The confidence interval you list is correct. Plugging your numbers in, I get a 95% confidence interval of $(4.06;\,9.94)$. Concerning the interpretation, a quick search on the site revealed many interesting posts. The Wikipedia page also has a section on the interpretation of confidence intervals.
In short, there is not 95% probability that the above interval contains $\mu$ (the true mean). Rather, if you would calculate 100 95% confidence intervals in this way, 95% of them are expected to include $\mu$. But after you calculated your confidence interval, $\mu$ is either included or not.
Here is a small simulation in R to illustrate the procedure:
set.seed(123)
pop <- rnorm(1e7, mean = 7, sd = 3)
CI <- function(x, alpha = 0.05, true.sd) {
res <- c(mean(x) - qnorm(1-alpha/2)*(true.sd/sqrt(length(x)))
, mean(x) + qnorm(1-alpha/2)*(true.sd/sqrt(length(x))))
res
}
n.sim <- 200
n <- 4
cis <- replicate(n.sim, CI(x = sample(pop, size = n, replace = TRUE), alpha = 0.05, true.sd = 3))
does.not.cover <- (cis[1, ] > 7) | (cis[2, ] < 7)
sum(does.not.cover)/n.sim
[1] 0.04
a <- min(cis[1, ])
b <- max(cis[2, ])
plot(0, 0, type = 'n', xlim = c(a, b), ylim = c(0, n.sim), ann = FALSE, yaxt = "n")
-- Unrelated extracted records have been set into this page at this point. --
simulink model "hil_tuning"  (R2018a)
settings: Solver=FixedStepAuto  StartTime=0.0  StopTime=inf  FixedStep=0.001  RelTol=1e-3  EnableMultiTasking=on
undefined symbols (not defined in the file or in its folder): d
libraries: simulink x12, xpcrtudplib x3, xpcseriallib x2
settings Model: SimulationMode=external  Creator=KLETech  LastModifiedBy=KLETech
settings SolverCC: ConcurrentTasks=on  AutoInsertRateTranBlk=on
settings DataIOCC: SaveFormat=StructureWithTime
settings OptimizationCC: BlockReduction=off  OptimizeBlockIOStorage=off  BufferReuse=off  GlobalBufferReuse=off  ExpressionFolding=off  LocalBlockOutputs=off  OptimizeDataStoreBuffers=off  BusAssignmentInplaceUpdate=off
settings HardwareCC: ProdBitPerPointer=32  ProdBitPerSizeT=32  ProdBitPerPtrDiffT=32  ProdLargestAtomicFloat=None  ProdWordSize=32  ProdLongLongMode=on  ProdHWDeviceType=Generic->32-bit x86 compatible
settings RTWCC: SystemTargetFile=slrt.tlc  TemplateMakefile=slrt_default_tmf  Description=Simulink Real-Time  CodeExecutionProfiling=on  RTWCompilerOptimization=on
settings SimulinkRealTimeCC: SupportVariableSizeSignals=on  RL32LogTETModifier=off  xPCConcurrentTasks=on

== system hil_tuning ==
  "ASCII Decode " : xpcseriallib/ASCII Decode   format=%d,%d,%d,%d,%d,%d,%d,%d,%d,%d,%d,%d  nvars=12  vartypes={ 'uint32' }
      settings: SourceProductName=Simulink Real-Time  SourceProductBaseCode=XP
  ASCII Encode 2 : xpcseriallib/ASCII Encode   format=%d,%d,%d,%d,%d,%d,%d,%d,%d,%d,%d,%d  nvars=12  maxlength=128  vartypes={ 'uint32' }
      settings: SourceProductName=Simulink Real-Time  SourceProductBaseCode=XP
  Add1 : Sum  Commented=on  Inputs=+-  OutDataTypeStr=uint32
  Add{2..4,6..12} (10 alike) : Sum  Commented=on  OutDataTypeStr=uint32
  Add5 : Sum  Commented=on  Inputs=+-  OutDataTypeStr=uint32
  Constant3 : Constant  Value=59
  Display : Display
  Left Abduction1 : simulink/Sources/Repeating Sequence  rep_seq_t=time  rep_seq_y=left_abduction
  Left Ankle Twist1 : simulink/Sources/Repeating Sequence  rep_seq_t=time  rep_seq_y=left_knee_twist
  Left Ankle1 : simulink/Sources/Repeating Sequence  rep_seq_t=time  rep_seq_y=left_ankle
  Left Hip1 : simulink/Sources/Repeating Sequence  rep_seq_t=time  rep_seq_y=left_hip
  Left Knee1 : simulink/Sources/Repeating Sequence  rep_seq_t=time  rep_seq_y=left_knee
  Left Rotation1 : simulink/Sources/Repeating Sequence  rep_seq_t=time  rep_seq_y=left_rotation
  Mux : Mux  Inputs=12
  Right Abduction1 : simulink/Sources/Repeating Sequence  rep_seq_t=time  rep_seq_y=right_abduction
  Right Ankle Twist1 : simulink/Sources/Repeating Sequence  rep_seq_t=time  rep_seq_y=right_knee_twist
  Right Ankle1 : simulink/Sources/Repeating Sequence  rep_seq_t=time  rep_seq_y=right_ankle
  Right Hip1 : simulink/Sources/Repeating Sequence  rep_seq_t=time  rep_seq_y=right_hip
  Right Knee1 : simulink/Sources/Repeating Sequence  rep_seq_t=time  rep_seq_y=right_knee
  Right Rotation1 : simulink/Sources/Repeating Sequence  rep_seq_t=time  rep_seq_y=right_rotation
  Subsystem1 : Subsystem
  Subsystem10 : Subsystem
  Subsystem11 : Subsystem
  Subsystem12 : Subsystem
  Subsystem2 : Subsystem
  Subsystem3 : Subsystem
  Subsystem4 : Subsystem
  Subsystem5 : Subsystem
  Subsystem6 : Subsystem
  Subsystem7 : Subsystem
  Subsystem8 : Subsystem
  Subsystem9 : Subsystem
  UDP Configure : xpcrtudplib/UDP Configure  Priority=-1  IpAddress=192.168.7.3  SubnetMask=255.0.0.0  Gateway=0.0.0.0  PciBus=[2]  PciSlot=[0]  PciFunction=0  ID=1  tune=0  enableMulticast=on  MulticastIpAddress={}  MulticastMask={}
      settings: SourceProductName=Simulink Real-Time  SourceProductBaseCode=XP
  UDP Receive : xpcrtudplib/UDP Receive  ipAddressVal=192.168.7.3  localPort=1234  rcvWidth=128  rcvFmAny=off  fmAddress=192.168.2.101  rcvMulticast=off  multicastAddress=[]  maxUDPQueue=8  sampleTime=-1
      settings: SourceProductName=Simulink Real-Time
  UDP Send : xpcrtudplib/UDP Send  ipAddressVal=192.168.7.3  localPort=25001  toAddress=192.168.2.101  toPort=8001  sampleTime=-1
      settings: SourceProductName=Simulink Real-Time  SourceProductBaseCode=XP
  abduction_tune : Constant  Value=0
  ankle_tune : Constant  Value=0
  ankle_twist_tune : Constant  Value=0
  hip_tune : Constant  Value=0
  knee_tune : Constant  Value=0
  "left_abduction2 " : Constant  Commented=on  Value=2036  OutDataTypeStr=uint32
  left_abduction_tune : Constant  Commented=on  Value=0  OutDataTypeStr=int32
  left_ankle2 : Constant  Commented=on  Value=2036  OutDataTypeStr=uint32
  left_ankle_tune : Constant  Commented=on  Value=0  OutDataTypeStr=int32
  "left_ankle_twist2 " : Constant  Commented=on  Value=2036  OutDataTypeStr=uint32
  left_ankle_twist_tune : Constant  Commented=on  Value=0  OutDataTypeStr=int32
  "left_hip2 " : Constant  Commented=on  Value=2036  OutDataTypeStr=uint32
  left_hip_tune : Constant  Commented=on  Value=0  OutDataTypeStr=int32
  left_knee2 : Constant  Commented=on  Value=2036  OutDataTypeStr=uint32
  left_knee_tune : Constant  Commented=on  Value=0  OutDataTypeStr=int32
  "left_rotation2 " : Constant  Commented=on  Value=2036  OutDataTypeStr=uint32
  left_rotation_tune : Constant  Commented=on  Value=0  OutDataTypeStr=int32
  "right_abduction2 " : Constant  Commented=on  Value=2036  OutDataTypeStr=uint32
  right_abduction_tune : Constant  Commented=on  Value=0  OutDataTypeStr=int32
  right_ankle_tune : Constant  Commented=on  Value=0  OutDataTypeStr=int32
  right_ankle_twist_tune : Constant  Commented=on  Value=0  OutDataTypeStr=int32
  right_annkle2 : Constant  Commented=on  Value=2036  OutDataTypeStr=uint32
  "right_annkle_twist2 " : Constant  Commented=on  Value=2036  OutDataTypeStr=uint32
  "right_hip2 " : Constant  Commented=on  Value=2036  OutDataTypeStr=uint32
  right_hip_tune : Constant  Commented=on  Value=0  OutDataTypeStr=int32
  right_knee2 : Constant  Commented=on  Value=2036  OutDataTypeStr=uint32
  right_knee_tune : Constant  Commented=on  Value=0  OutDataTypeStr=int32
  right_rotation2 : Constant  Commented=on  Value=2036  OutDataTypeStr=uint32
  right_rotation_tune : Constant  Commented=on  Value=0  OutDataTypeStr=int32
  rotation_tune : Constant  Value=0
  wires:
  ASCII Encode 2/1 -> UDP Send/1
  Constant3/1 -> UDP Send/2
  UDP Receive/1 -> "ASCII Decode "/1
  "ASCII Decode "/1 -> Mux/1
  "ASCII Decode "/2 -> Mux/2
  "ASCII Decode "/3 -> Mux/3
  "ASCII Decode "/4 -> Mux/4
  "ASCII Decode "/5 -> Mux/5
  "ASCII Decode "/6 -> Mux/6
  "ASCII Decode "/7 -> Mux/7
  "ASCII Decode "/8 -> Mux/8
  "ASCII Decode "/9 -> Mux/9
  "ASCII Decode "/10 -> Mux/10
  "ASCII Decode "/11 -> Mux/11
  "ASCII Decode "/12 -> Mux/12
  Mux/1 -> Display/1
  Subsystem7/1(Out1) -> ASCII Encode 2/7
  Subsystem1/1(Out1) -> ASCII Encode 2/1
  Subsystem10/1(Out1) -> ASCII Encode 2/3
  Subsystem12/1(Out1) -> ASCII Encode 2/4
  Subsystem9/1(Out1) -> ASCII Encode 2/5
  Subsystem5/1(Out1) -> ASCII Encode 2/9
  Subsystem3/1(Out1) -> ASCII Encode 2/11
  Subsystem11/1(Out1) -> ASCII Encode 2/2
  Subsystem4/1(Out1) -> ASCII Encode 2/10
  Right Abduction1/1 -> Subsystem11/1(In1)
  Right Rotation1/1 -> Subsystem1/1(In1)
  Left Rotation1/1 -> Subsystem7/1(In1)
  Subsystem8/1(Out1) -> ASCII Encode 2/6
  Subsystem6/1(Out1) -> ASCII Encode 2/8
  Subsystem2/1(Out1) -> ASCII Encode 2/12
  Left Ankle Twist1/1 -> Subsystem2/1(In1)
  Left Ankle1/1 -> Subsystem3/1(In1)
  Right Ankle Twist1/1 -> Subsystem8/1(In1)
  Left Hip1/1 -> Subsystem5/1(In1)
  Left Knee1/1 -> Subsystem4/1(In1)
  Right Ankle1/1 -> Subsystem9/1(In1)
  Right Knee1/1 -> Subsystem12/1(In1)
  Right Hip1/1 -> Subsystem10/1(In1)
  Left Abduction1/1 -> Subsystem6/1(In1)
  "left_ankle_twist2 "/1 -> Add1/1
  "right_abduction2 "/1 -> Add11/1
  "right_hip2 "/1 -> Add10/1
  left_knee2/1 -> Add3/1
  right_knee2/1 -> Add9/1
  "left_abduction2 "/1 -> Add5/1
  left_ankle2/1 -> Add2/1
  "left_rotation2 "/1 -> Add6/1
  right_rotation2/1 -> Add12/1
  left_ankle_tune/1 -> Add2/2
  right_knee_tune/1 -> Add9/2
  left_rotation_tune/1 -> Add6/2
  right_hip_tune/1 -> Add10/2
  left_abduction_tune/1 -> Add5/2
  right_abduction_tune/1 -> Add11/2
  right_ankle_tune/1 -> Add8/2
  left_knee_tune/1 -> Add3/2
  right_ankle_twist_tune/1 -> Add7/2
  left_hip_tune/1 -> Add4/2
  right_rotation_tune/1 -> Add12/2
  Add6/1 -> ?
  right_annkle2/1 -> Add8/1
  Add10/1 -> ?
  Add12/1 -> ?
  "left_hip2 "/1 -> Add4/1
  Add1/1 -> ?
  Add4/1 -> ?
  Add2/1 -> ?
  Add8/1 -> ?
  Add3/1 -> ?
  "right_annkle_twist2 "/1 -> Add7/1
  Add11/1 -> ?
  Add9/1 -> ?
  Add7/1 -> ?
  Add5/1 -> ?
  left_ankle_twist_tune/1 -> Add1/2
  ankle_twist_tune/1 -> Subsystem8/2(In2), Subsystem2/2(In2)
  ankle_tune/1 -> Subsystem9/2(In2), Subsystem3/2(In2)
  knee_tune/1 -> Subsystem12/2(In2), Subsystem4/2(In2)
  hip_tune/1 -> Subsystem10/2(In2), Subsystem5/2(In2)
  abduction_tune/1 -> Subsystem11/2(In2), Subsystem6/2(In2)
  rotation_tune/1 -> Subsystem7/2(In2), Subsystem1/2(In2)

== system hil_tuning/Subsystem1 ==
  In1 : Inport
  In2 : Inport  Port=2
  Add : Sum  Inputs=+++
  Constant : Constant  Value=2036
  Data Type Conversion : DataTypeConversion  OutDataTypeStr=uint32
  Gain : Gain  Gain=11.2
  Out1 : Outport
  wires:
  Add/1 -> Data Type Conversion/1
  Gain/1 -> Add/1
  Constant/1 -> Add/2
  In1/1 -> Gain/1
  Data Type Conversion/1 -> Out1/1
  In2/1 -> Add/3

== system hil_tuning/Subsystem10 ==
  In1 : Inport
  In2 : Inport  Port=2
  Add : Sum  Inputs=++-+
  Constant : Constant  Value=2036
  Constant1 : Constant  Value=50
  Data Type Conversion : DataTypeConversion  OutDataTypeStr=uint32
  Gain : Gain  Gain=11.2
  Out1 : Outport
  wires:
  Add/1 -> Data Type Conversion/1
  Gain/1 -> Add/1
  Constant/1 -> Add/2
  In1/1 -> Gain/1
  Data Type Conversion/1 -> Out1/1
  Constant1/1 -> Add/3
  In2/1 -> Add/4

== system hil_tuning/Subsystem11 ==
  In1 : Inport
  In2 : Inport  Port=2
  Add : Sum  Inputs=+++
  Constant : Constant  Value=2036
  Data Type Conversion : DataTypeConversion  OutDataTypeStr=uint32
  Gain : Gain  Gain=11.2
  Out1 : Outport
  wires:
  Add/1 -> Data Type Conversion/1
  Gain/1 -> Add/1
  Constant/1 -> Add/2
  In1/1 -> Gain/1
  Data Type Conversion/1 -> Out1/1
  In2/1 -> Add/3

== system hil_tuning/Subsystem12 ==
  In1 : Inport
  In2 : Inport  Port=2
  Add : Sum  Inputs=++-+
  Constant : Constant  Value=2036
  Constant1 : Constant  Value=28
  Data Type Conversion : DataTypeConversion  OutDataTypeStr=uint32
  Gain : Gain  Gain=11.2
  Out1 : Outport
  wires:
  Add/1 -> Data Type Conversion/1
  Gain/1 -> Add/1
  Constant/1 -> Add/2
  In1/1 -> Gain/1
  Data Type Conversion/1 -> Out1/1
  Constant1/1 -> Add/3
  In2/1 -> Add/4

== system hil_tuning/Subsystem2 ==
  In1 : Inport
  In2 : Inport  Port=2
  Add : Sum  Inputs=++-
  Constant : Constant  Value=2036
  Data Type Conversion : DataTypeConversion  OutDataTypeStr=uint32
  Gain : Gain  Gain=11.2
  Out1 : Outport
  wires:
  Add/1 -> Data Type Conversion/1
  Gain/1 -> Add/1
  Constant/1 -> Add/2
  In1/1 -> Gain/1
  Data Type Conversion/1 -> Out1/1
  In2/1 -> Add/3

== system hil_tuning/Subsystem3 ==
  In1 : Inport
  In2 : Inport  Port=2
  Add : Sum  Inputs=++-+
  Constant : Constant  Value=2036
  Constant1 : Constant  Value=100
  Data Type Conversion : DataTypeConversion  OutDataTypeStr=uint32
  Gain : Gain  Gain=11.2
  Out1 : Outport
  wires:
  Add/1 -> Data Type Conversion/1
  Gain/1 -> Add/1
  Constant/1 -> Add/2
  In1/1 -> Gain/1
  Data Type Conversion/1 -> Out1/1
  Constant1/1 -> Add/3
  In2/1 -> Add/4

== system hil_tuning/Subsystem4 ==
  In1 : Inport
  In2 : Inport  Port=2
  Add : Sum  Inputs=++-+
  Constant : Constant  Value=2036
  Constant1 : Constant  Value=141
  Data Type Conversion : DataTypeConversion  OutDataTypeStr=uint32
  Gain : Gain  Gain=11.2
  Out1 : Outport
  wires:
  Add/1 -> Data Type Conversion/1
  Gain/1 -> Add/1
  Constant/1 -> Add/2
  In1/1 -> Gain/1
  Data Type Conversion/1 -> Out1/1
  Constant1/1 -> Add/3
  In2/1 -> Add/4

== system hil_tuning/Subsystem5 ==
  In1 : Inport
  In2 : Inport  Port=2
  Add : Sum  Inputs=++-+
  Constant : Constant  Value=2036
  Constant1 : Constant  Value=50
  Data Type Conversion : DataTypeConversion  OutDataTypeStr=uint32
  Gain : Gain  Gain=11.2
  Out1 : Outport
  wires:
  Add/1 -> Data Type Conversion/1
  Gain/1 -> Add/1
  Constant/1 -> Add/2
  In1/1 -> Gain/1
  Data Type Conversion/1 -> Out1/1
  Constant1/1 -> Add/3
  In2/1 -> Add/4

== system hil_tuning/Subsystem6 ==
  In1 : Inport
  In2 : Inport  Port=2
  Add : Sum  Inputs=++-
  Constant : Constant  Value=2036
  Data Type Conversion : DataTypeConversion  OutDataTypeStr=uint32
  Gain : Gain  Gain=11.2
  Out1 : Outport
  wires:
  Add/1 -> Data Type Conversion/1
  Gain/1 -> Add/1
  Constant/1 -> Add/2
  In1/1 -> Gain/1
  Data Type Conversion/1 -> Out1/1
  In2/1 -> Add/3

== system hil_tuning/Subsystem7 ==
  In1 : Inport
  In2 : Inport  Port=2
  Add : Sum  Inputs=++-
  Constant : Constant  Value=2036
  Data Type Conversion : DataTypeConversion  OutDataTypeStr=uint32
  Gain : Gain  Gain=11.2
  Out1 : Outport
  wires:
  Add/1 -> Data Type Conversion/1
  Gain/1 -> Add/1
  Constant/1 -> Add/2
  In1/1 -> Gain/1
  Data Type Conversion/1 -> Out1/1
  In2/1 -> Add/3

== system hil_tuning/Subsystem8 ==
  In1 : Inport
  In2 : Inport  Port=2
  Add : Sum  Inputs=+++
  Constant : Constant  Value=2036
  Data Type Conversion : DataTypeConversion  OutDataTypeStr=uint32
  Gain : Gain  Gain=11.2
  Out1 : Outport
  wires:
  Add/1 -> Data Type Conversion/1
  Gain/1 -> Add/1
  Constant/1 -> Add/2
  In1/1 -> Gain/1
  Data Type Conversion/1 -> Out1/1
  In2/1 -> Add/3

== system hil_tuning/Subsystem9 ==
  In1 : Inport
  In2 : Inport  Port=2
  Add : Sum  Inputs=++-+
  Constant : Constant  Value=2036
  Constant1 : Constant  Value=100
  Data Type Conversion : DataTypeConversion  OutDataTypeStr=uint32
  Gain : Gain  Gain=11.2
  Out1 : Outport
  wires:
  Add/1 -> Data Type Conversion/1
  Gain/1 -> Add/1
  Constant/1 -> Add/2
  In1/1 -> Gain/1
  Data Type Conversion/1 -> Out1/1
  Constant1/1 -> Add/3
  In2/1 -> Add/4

axis(1, at = 7, label = 7)
segments(cis[1, ], 1:n.sim, cis[2, ], 1:n.sim,
col = ifelse(does.not.cover, 'red', 'black'))
abline(v = 7)
I simulated 200 95% confidence intervals based on samples of $n=4$ from a population with mean $7$ and standard deviation $3$ (assumed to be known). 4% (i.e. 8) of the 200 95% confidence intervals don't contain the true mean of 7 (red segments in the picture). In the long run, the proportion of confidence intervals that don't contain the true mean is $\alpha$ (5% in this case).